Microsoft is set to terminate extended support for Windows Server 2003 come July 14, 2015, yet, an alarming number of enterprises remain unprepared to migrate from the outdated platform, leaving an estimated 2.7 million servers unprotected after the end-of-life deadline.
According to the results of a recent Windows Server End-of-Life Preparedness Survey (PDF), IT and security leaders are still unaware of the ongoing security risks and financial burdens associated with running the unsupported operating system.
Out of 500 IT managers from both U.S. and U.K. organizations, one-third of respondents stated their enterprise plans to run Windows Server 2003 (WS2K3) after end-of-life. Meanwhile, 14 percent of respondents revealed their enterprise did not have an upgrade plan; and more than half of respondents did not know when Microsoft was ending support.
“With approximately [2 months] remaining until the EOL deadline, and the average migration estimated at 200 days, businesses appear to be grossly unprepared,” read the report.
As of now, Microsoft estimates roughly nine million systems still running Windows Sever 2003.
“Continued operation of unsecured WS2K3 systems can leave organizations exposed to ‘zero-day forever scenarios,’ where new zero-day vulnerabilities are discovered and exploited by attackers and no publicly available patch will ever be provided,” the report continued.
In addition to the vast security risks, businesses continuing to rely on WS2K3 could also risk non-compliance of various industry regulations, such as SOX, HIPAA, PCI or NERC, resulting in steep potential fines or regulatory citations.
Organizations like the Financial Services Committee of Ontario have already required its members to operate using supported software, and the Payment Card Industry’s Data Security Standards (PCI DSS) mandates vendors have up-to-date vendor-issued security patches.

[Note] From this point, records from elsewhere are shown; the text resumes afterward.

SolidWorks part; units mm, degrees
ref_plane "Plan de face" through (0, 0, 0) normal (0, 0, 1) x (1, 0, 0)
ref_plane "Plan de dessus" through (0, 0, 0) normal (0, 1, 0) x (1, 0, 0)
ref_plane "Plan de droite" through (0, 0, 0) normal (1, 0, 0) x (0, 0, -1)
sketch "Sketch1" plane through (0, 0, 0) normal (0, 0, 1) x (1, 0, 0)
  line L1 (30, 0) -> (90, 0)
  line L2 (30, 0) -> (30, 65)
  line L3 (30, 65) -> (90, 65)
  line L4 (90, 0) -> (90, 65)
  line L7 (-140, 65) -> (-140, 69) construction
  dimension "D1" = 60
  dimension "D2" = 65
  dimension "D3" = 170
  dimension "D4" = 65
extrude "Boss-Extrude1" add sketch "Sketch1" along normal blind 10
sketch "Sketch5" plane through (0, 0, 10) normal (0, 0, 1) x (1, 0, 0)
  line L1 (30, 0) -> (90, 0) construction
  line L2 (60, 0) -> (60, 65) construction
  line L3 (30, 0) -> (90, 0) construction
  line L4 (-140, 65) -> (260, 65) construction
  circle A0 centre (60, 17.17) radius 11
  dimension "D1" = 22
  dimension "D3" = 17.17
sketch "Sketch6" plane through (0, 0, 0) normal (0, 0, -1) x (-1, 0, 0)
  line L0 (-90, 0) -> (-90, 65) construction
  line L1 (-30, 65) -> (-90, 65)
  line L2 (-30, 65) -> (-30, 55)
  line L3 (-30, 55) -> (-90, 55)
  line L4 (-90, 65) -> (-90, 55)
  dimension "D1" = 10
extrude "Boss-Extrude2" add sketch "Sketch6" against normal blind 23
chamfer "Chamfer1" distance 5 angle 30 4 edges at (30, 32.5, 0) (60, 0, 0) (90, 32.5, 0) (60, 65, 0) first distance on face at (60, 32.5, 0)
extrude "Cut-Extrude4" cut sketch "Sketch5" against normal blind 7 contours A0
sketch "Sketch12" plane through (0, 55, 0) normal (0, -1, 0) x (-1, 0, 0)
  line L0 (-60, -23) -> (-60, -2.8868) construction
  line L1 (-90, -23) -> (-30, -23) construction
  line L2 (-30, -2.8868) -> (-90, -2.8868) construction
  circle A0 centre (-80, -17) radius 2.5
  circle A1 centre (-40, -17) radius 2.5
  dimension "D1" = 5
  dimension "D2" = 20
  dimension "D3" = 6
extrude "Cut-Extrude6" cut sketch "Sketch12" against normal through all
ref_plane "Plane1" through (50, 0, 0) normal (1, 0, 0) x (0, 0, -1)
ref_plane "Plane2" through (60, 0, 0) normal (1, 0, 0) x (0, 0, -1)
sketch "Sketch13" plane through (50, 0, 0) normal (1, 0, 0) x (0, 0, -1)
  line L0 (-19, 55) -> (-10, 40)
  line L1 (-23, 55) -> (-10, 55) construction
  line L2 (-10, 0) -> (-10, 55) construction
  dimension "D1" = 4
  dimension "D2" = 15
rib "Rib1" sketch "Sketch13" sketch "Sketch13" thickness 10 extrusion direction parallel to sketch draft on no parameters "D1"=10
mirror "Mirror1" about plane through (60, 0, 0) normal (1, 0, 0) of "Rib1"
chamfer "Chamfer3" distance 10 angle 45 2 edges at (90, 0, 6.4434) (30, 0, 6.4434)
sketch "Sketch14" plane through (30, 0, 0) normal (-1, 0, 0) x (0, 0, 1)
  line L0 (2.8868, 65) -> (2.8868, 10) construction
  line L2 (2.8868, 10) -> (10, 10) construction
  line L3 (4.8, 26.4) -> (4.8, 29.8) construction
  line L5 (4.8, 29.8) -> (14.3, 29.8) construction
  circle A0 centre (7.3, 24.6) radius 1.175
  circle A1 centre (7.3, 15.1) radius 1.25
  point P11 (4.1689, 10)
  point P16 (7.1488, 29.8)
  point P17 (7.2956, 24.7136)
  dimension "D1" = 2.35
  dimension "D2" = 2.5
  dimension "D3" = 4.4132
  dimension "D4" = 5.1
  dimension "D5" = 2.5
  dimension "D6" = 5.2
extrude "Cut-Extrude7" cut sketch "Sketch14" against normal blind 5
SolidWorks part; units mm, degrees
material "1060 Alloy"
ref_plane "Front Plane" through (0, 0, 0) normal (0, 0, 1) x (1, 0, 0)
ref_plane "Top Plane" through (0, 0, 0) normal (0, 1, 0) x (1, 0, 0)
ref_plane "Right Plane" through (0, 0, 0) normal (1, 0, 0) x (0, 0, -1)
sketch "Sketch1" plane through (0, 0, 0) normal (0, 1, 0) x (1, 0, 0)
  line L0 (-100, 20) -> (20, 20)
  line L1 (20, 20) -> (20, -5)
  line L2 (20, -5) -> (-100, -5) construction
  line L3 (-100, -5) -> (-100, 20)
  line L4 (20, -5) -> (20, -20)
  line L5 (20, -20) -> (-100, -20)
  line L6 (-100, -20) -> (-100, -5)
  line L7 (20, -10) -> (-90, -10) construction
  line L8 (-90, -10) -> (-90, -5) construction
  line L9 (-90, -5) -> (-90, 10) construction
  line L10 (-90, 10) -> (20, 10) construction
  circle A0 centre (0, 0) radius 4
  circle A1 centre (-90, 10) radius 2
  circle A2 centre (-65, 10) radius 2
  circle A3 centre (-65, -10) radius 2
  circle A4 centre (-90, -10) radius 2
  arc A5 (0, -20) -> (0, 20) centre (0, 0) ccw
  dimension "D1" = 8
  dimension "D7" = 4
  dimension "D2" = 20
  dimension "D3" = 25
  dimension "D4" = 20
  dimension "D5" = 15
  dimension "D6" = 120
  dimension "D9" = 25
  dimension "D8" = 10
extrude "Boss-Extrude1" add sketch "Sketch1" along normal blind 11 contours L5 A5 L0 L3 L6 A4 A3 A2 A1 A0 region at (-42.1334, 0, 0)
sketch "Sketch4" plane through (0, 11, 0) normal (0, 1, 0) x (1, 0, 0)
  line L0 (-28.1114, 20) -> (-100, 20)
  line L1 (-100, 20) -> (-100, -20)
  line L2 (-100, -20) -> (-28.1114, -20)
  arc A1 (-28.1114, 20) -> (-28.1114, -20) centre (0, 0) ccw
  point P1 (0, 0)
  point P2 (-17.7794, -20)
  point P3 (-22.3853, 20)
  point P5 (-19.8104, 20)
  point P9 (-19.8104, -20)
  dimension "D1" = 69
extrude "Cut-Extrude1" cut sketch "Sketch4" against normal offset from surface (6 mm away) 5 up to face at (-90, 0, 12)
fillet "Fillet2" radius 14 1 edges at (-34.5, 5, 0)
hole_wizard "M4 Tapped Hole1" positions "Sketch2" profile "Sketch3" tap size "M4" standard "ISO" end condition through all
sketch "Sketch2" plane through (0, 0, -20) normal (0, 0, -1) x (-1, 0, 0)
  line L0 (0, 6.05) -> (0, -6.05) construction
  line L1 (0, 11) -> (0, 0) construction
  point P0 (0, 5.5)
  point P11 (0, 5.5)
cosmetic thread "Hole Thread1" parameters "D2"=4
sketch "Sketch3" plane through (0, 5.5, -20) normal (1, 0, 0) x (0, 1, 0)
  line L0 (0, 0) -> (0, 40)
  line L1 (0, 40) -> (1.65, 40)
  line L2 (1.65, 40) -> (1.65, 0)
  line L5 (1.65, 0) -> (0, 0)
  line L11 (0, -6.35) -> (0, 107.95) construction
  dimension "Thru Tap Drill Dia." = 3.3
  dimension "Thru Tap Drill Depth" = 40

Although Microsoft will offer for-fee support for customers migrating away from the platform, the extended support is accompanied by a hefty price tag, costing companies $600 per server in the first year alone, and an average total of $200,000 per year.
IDC’s Al Gillen, Program Vice President of Servers and System Software, adds the benefits of an up-to-date operating system are many.
“Unlike Windows XP, where there were mitigation challenges that created barriers for some customers to move forward to a newer product, Windows Server 2012 R2 offers relatively good application compatibility with Windows Server 2003,” said Gillen in a white paper, Windows Server 2003: Why You Should Get Current (PDF).
Gillen further explains the update would offer enterprises integrated visualizations, extensive scalability, operational roles, script execution capabilities, and of course, better security.
Nonetheless, for many customers, Gillen says this is about more than just Windows Server 2003:
“Given the age of installation, the chances are high that other software products beyond the operating system are aging. The list of products that customers may be concerned about would include applications, middleware, database products, and management tools, all of which may be approaching or already past their supported life cycles, leaving customers at even further potential risk should a problem arise.”